* Exercise directions
Lift out all lines below that contain "linetype".
(Data for this exercise)
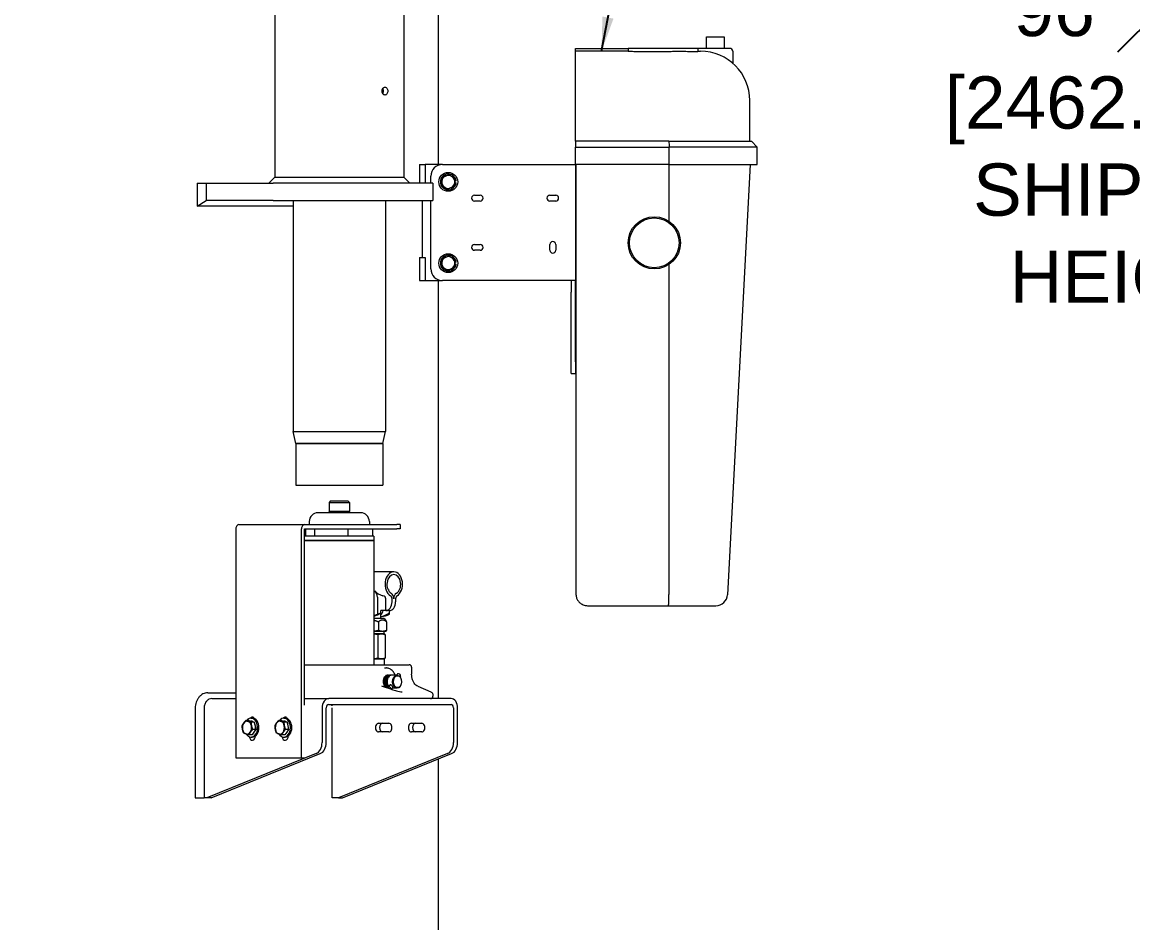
# Model space of a CAD drawing. Header units: inches. Extents: x 19 to 503, y 6 to 322.
# Drawn here: x 377.46 to 425.27, y 80.5 to 119.28 of the extents above; entities that cross this region are included whole.
import ezdxf

# ---------------------------------------------------------------- set-up
doc = ezdxf.new("R2010")
doc.units = ezdxf.units.IN
doc.header["$LTSCALE"] = 15
doc.header["$MEASUREMENT"] = 0
for name, color, linetype, lineweight in [('Dimension (ANSI)', 7, 'Continuous', 25), ('Symbol (ANSI)', 7, 'Continuous', 25), ('Visible (ANSI)', 7, 'Continuous', 50)]:
    doc.layers.add(name, color=color, linetype=linetype, lineweight=lineweight)
doc.styles.add('MEMCOR Medium', font='arial.ttf')
doc.dimstyles.new('Default (ANSI)', dxfattribs={"dimscale": 15, "dimtxt": 0.15, "dimasz": 0.098425, "dimexe": 0.125, "dimexo": 0.0625, "dimgap": 0.031496, "dimtad": 0, "dimtih": 1, "dimtoh": 1, "dimdec": 4, "dimrnd": 1e-08, "dimzin": 3, "dimdsep": 46, "dimlunit": 5, "dimtxsty": 'MEMCOR Medium', "dimcen": 0.09, "dimdle": 0.393701, "dimclrd": 256, "dimclre": 256, "dimclrt": 256, "dimadec": 0, "dimazin": 1, "dimtfac": 0.8, "dimtofl": 0, "dimtmove": 0, "dimatfit": 3, "dimfxl": 1, "dimfrac": 1, "dimtolj": 1, "dimtzin": 4, "dimlwd": -1, "dimlwe": -1, "dimarcsym": 0})
doc.dimstyles.new('Default (ANSI)$7', dxfattribs={"dimscale": 15, "dimtxt": 0.15, "dimasz": 0.098425, "dimexe": 0.125, "dimexo": 0.0625, "dimgap": 0.031496, "dimtad": 0, "dimtih": 1, "dimtoh": 1, "dimdec": 4, "dimrnd": 1e-08, "dimzin": 3, "dimdsep": 46, "dimlunit": 5, "dimtxsty": 'MEMCOR Medium', "dimcen": 0.09, "dimdle": 0.393701, "dimclrd": 256, "dimclre": 256, "dimclrt": 256, "dimadec": 0, "dimazin": 1, "dimtfac": 0.8, "dimtofl": 0, "dimtmove": 0, "dimatfit": 3, "dimfxl": 1, "dimfrac": 1, "dimtolj": 1, "dimtzin": 4, "dimlwd": -1, "dimlwe": -1, "dimarcsym": 0})

# ---------------------------------------------------------------- blocks, each defined once
blk = doc.blocks.new('*D24')
at = {"layer": 'Defpoints', "color": 0, "transparency": 16777216}
for p in [(371.709, 141.416), (425.908, 141.416), (393.854, 44.463)]:
    blk.add_point(p, dxfattribs=at)
at = {"layer": 'Dimension (ANSI)', "transparency": 16777216}
for p, q in [((372.646, 141.416), (427.783, 141.416)), ((425.908, 139.94), (425.908, 125.155)), ((425.908, 45.94), (425.908, 109.677)), ((394.792, 44.463), (427.783, 44.463))]:
    blk.add_line(p, q, dxfattribs=at)
for points in [[(425.662, 139.94), (426.154, 139.94), (425.908, 141.416)], [(425.662, 45.94), (426.154, 45.94), (425.908, 44.463)]]:
    blk.add_solid(points, dxfattribs=at)
at = {"layer": 'Dimension (ANSI)', "transparency": 16777216, "char_height": 2.25, "attachment_point": 2, "style": 'MEMCOR Medium'}
for s, insert in [('\\A1; \\fArial|b0|i0;\\H2.2500;96{\\H0.8x;\\S15#16;} in', (425.908, 121.603)), ('\\A1;[2462.6 mm]{\\P\\fArial|b0|i0;\\H2.2500;SHIPPING\\P\\fArial|b0|i0;\\H2.2500;HEIGHT}', (425.908, 116.944))]:
    blk.add_mtext(s, dxfattribs=dict(at, insert=insert))

msp = doc.modelspace()

# ---------------------------------------------------------------- linework, layer by layer
at = {"layer": 'Visible (ANSI)', "linetype": 'Continuous', "lineweight": 18}
for p, q in [((395.38357, 113.15094), (395.38357, 124.65094)), ((388.32792, 119.90094), (388.32792, 112.60094)), ((393.89092, 119.90094), (393.89092, 112.60094)), ((406.92312, 118.15094), (406.92312, 118.65094)), ((406.92312, 118.65094), (407.67312, 118.65094)), ((407.67312, 118.65094), (407.67312, 118.15094)), ((401.28448, 118.15094), (403.54292, 118.15094)), ((401.28448, 118.02594), (401.28448, 118.15094)), ((406.54812, 118.15094), (403.54292, 118.15094)), ((403.54292, 118.15094), (403.54292, 118.02326)), ((406.54812, 118.15094), (406.54812, 118.02207)), ((407.92312, 118.15094), (406.54812, 118.15094)), ((401.28448, 115.90094), (401.28448, 118.02594)), ((402.39928, 118.02594), (401.28448, 118.02594)), ((406.54812, 118.02594), (406.66075, 118.02594)), ((408.04812, 118.02594), (408.04812, 117.51055)), ((401.28448, 114.15094), (401.28448, 115.90094)), ((408.78575, 114.15094), (408.78575, 115.90094)), ((401.28448, 114.15094), (401.28448, 113.90094)), ((405.30089, 114.15094), (401.28448, 114.15094)), ((401.28448, 113.15094), (401.28448, 113.90094)), ((401.28448, 113.90094), (405.31288, 113.90094)), ((405.30089, 114.15094), (408.85715, 114.15094)), ((405.31288, 113.15094), (405.31288, 113.90094)), ((409.10715, 113.90094), (405.31288, 113.90094)), ((408.85715, 114.15094), (409.10715, 113.90094)), ((409.10715, 113.15094), (409.10715, 113.90094)), ((394.56528, 113.15094), (394.80038, 113.15094)), ((394.56528, 113.15094), (394.56528, 112.35094)), ((395.55104, 113.15094), (394.80038, 113.15094)), ((394.80038, 113.15094), (394.80038, 112.35094)), ((395.55104, 113.15094), (400.90948, 113.15094)), ((400.90948, 113.15094), (401.28448, 113.15094)), ((401.28448, 113.15094), (401.28448, 108.15094)), ((405.31288, 113.15094), (401.28448, 113.15094)), ((401.29812, 113.15094), (401.29812, 94.65094)), ((405.29812, 113.15094), (405.29812, 110.71135)), ((405.31288, 113.15094), (409.10715, 113.15094)), ((408.79812, 113.15094), (407.82305, 94.62466)), ((388.32792, 112.60094), (388.07792, 112.35094)), ((388.32792, 112.60094), (393.89092, 112.60094)), ((393.89092, 112.60094), (394.14092, 112.35094)), ((395.05104, 112.35094), (395.05104, 112.65094)), ((396.13778, 112.44794), (396.08684, 112.44794)), ((384.98651, 112.35094), (385.37126, 112.35094)), ((384.98651, 112.35094), (384.98651, 111.35228)), ((385.37126, 112.35094), (388.25978, 112.35094)), ((385.37126, 112.35094), (385.37126, 111.60094)), ((395.13942, 112.35094), (388.25978, 112.35094)), ((395.13942, 112.35094), (395.13942, 111.60094)), ((396.07913, 112.35394), (396.13778, 112.35394)), ((384.98651, 111.35228), (385.37126, 111.60094)), ((388.25978, 111.60094), (385.37126, 111.60094)), ((388.25978, 111.60094), (395.13942, 111.60094)), ((389.12442, 111.60094), (389.12442, 101.65094)), ((393.09442, 111.60094), (393.09442, 101.65094)), ((394.67604, 111.60094), (394.67604, 109.15094)), ((395.05104, 108.65094), (395.05104, 111.60094)), ((396.92604, 111.82594), (397.17604, 111.82594)), ((397.17604, 111.57594), (396.92604, 111.57594)), ((400.17604, 111.82594), (400.42604, 111.82594)), ((400.42604, 111.57594), (400.17604, 111.57594)), ((389.12442, 111.35228), (384.98651, 111.35228)), ((396.92604, 109.70594), (397.17604, 109.70594)), ((400.17604, 109.45594), (400.17604, 109.70594)), ((400.42604, 109.70594), (400.42604, 109.45594)), ((394.56528, 109.15094), (394.80038, 109.15094)), ((394.56528, 109.15094), (394.56528, 108.15094)), ((394.80038, 109.15094), (394.80038, 108.15094)), ((397.17604, 109.45594), (396.92604, 109.45594)), ((396.07913, 108.85394), (396.13778, 108.85394)), ((396.13778, 108.94794), (396.08684, 108.94794)), ((405.29812, 108.84053), (405.29812, 94.63126)), ((394.56528, 108.15094), (394.80038, 108.15094)), ((394.80038, 108.15094), (395.55104, 108.15094)), ((395.38357, 90.15094), (395.38357, 108.15094)), ((400.90948, 108.15094), (395.55104, 108.15094)), ((401.28448, 108.15094), (400.90948, 108.15094)), ((401.09698, 108.15094), (401.09698, 107.65094)), ((401.28448, 107.65094), (401.28448, 108.15094)), ((401.09698, 104.65094), (401.09698, 107.65094)), ((401.28448, 104.65094), (401.28448, 107.65094)), ((401.09698, 104.15094), (401.09698, 104.65094)), ((401.28448, 104.65094), (401.28448, 104.15094)), ((401.09698, 104.15094), (401.28448, 104.15094)), ((389.12442, 101.65094), (393.09442, 101.65094)), ((389.12442, 101.65094), (393.09442, 101.65094)), ((389.23442, 101.13094), (389.12442, 101.65094)), ((392.98442, 101.13094), (393.09442, 101.65094)), ((389.23442, 101.13094), (392.98442, 101.13094)), ((389.23442, 101.13094), (389.23442, 99.34094)), ((392.98442, 101.13094), (389.23442, 101.13094)), ((392.98442, 101.13094), (392.98442, 99.34094)), ((389.23442, 99.34094), (392.98442, 99.34094)), ((390.72192, 98.65094), (390.67192, 98.60094)), ((390.67192, 98.60094), (391.54692, 98.60094)), ((390.67192, 98.60094), (390.67192, 98.20094)), ((391.49692, 98.65094), (390.72192, 98.65094)), ((391.49692, 98.65094), (391.54692, 98.60094)), ((391.54692, 98.60094), (391.54692, 98.20094)), ((392.02805, 98.15094), (390.1908, 98.15094)), ((391.54692, 98.20094), (390.67192, 98.20094)), ((390.72192, 98.15094), (390.67192, 98.20094)), ((391.49692, 98.15094), (391.54692, 98.20094)), ((386.78895, 97.65094), (389.61738, 97.65094)), ((389.61738, 97.65094), (393.5843, 97.65094)), ((389.8158, 97.77594), (389.8158, 97.65094)), ((392.40305, 97.77594), (392.40305, 97.65094)), ((393.73074, 97.65094), (393.5843, 97.65094)), ((393.73074, 97.65094), (393.73074, 97.46344)), ((386.65634, 97.4634), (386.65634, 87.60333)), ((389.48477, 87.60333), (389.48477, 97.4634)), ((389.61735, 89.86186), (389.61735, 97.4634)), ((390.05318, 97.15094), (389.61735, 97.15094)), ((389.61738, 97.46344), (393.5843, 97.46344)), ((389.66657, 97.15094), (389.66657, 97.46344)), ((390.05318, 97.15094), (390.05318, 97.46344)), ((391.49603, 97.15094), (390.05318, 97.15094)), ((391.49603, 97.15094), (391.49603, 97.46344)), ((392.55227, 97.15094), (391.49603, 97.15094)), ((392.55227, 97.15094), (392.55227, 97.46344)), ((392.60317, 97.15094), (392.55227, 97.15094)), ((392.60317, 97.15094), (392.60317, 96.96344)), ((393.73074, 97.46344), (393.5843, 97.46344)), ((392.60317, 96.96344), (389.61735, 96.96344)), ((392.60317, 96.94344), (389.61735, 96.94344)), ((389.74067, 96.94344), (389.74067, 96.96344)), ((392.47817, 96.94344), (392.47817, 96.96344)), ((392.60317, 96.94344), (392.60317, 91.60719)), ((393.45613, 95.60719), (392.60317, 95.60719)), ((392.74726, 94.52029), (392.74726, 93.79277)), ((393.11319, 93.94219), (393.11319, 94.45298)), ((393.37835, 94.31719), (393.37835, 94.45298)), ((393.53392, 94.45298), (393.53392, 94.31719)), ((405.29812, 94.63126), (405.29812, 94.63122)), ((392.87939, 93.82559), (392.87939, 93.60719)), ((392.90282, 93.84629), (392.90282, 93.94219)), ((393.11319, 93.94219), (392.90282, 93.94219)), ((393.26875, 93.94219), (393.11319, 93.94219)), ((393.26875, 93.84629), (393.26875, 93.94219)), ((393.26875, 93.79277), (393.26875, 93.84629)), ((401.79812, 94.15094), (405.28319, 94.15094)), ((405.28319, 94.15094), (407.32374, 94.15094)), ((393.03564, 93.60719), (392.60317, 93.60719)), ((392.79139, 93.45205), (392.79139, 93.08377)), ((392.87939, 93.69219), (392.92138, 93.69219)), ((393.03564, 93.60719), (393.11357, 93.51431)), ((393.14861, 93.45205), (393.14861, 93.08377)), ((392.97, 93.04469), (392.60317, 93.04469)), ((392.9258, 92.94469), (392.60317, 92.94469)), ((392.77271, 92.9112), (392.77271, 91.89068)), ((393.03564, 92.94469), (392.9258, 92.94469)), ((393.09814, 93.04469), (392.97, 93.04469)), ((393.03564, 92.94469), (393.03564, 93.04469)), ((393.03564, 92.94469), (393.04887, 92.93705)), ((393.0789, 92.9112), (393.0789, 91.89068)), ((393.09814, 93.04469), (393.11357, 93.0536)), ((392.60317, 91.85719), (392.9258, 91.85719)), ((392.9258, 91.85719), (393.03564, 91.85719)), ((393.03564, 91.85719), (393.04887, 91.86483)), ((393.03564, 91.85719), (393.03564, 91.60719)), ((389.61735, 91.60719), (391.08246, 91.60719)), ((391.08246, 91.60719), (394.12302, 91.60719)), ((393.05455, 91.47281), (393.11999, 91.47281)), ((394.22302, 91.50719), (394.22302, 91.20672)), ((393.1975, 91.16031), (393.1907, 91.16031)), ((393.2519, 91.16031), (393.2451, 91.16031)), ((393.30629, 91.16031), (393.29949, 91.16031)), ((393.59375, 91.16031), (393.35388, 91.16031)), ((393.62019, 91.21251), (393.58328, 91.16031)), ((393.75083, 91.12014), (393.72752, 91.08718)), ((385.44286, 90.39883), (386.65634, 90.39883)), ((393.28029, 90.73182), (393.21394, 90.63799)), ((393.21876, 90.59781), (393.2179, 90.59781)), ((393.41092, 90.63944), (393.35052, 90.55402)), ((393.59375, 90.59781), (393.38149, 90.59781)), ((394.4836, 90.68605), (395.05268, 90.44158)), ((385.62033, 90.15094), (386.65634, 90.15094)), ((389.61735, 90.15094), (390.65155, 90.15094)), ((395.92062, 90.15094), (390.65155, 90.15094)), ((390.65155, 89.90094), (395.92062, 89.90094)), ((395.13828, 90.30186), (395.13828, 90.25094)), ((384.90713, 89.75094), (384.90713, 85.88514)), ((385.29157, 89.75094), (385.29157, 85.88514)), ((390.36871, 89.75094), (390.36871, 88.26244)), ((390.54548, 88.26244), (390.54548, 89.75094)), ((390.80117, 85.88514), (390.80117, 89.75094)), ((396.02669, 89.75094), (396.02669, 88.26244)), ((396.20346, 88.26244), (396.20346, 89.75094)), ((387.22545, 89.21263), (387.08904, 89.21263)), ((387.22545, 89.21263), (387.33682, 89.17375)), ((387.30688, 89.30694), (387.36345, 89.30694)), ((387.44819, 89.13487), (387.31179, 89.13487)), ((387.33682, 89.17375), (387.44819, 89.13487)), ((387.44819, 89.13487), (387.48007, 88.97902)), ((387.48007, 88.97902), (387.51195, 88.82317)), ((388.63966, 89.21263), (388.50326, 89.21263)), ((388.63966, 89.21263), (388.75103, 89.17375)), ((388.72109, 89.30694), (388.77766, 89.30694)), ((388.86241, 89.13487), (388.726, 89.13487)), ((388.75103, 89.17375), (388.86241, 89.13487)), ((388.86241, 89.13487), (388.89428, 88.97902)), ((388.89428, 88.97902), (388.92616, 88.82317)), ((392.80051, 89.08844), (393.24245, 89.08844)), ((394.21473, 89.08844), (394.65667, 89.08844)), ((387.35295, 88.58925), (387.21655, 88.58925)), ((387.30688, 88.49494), (387.36345, 88.49494)), ((387.43245, 88.70621), (387.35295, 88.58925)), ((387.51195, 88.82317), (387.37554, 88.82317)), ((387.51195, 88.82317), (387.43245, 88.70621)), ((388.76717, 88.58925), (388.63076, 88.58925)), ((388.72109, 88.49494), (388.77766, 88.49494)), ((388.84666, 88.70621), (388.76717, 88.58925)), ((388.92616, 88.82317), (388.78976, 88.82317)), ((388.92616, 88.82317), (388.84666, 88.70621)), ((393.24245, 88.71344), (392.80051, 88.71344)), ((394.65667, 88.71344), (394.21473, 88.71344)), ((390.11215, 87.78163), (385.41189, 85.88514)), ((385.58866, 85.88514), (390.28893, 87.78163)), ((386.65634, 87.60333), (389.48477, 87.60333)), ((389.48477, 87.60333), (389.60626, 87.60333)), ((395.77013, 87.78163), (391.06987, 85.88514)), ((391.24664, 85.88514), (395.94691, 87.78163)), ((395.38357, 56.90094), (395.38357, 87.55433)), ((384.90713, 85.88514), (385.29157, 85.88514)), ((385.41189, 85.88514), (385.29157, 85.88514)), ((385.58866, 85.88514), (385.41189, 85.88514)), ((391.06987, 85.88514), (390.80117, 85.88514)), ((391.06987, 85.88514), (391.24664, 85.88514))]:
    msp.add_line(p, q, dxfattribs=at)
for centre, radius in [((395.80104, 112.40094), 0.406), ((404.67312, 109.77594), 1.125), ((404.67312, 109.77594), 1.06949), ((395.80104, 108.90094), 0.406)]:
    msp.add_circle(centre, radius, dxfattribs=at)
for centre, radius, start, end in [((407.92312, 118.02594), 0.125, 0, 90), ((406.66075, 115.90094), 2.125, 0, 90), ((395.55104, 112.65094), 0.5, 90, 180), ((395.80104, 112.40094), 0.34, 7.945743, 352.054257), ((395.80104, 112.40094), 0.281, 175.308642, 235.308642), ((395.80104, 112.40094), 0.281, 115.308642, 175.308642), ((395.80104, 112.40094), 0.281, 55.308642, 115.308642), ((395.80104, 112.40094), 0.281, 295.308642, 355.308642), ((395.80104, 112.40094), 0.281, 355.308642, 55.308642), ((395.80104, 112.40094), 0.281, 235.308642, 295.308642), ((396.92604, 111.70094), 0.125, 90, 270), ((397.17604, 111.70094), 0.125, 270, 90), ((400.17604, 111.70094), 0.125, 90, 270), ((400.42604, 111.70094), 0.125, 270, 90), ((396.92604, 109.58094), 0.125, 90, 270), ((397.17604, 109.58094), 0.125, 270, 90), ((400.30104, 109.70594), 0.125, 0, 180), ((395.80104, 108.90094), 0.34, 7.945743, 352.054257), ((395.80104, 108.90094), 0.281, 115.308642, 175.308642), ((395.80104, 108.90094), 0.281, 55.308642, 115.308642), ((395.80104, 108.90094), 0.281, 355.308642, 55.308642), ((400.30104, 109.45594), 0.125, 180, 0), ((395.55104, 108.65094), 0.5, 180, 270), ((395.80104, 108.90094), 0.281, 175.308642, 235.308642), ((395.80104, 108.90094), 0.281, 235.308642, 295.308642), ((395.80104, 108.90094), 0.281, 295.308642, 355.308642), ((390.1908, 97.77594), 0.375, 90, 180), ((392.02805, 97.77594), 0.375, 0, 90), ((407.32374, 94.65094), 0.5, 270, 356.987212), ((394.12302, 91.50719), 0.1, 0, 90), ((395.03828, 90.25094), 0.1, 270, 0)]:
    msp.add_arc(centre, radius, start, end, dxfattribs=at)
for centre, major_axis, ratio, start_param, end_param in [((402.39928, 115.90094), (22.76606, 0), 0.09334071, 1.52054065, 1.57079633), ((386.78895, 97.4634), (0, 0.18754), 0.70710678, 0, 1.57079633), ((389.61738, 97.4634), (0, 0.18754), 0.70710678, 0, 1.57079633), ((389.61738, 97.4634), (0, 0.0000394), 0.70710678, 0, 1.57079633), ((393.45613, 95.07594), (0, -0.53125), 0.70710678, 0.38163623, 5.90154908), ((393.45613, 95.07594), (0, -0.42125), 0.70710678, 0.38163623, 5.90154908), ((393.26875, 95.07594), (0.7513, 0), 0.70710678, 3.71062224, 4.33075275), ((392.04015, 94.52029), (0.70711, 0), 0.70710678, 0, 0.56902959), ((393.27936, 94.45298), (0, 0.25), 0.70710678, 4.71238898, 5.90154908), ((393.63291, 94.45298), (0, 0.25), 0.70710678, 0.38163623, 1.57079633), ((392.9152, 94.45298), (0.19799, 0), 0.70710678, 0, 1.1891601), ((393.11319, 94.31719), (0, -0.375), 0.70710678, 0, 1.57079633), ((393.26875, 94.31719), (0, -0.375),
(End Data for this exercise)
* Solution to this exercise
for name, color, linetype, lineweight in [('Dimension (ANSI)', 7, 'Continuous', 25), ('Symbol (ANSI)', 7, 'Continuous', 25), ('Visible (ANSI)', 7, 'Continuous', 50)]:
    doc.layers.add(name, color=color, linetype=linetype, lineweight=lineweight)
at = {"layer": 'Visible (ANSI)', "linetype": 'Continuous', "lineweight": 18}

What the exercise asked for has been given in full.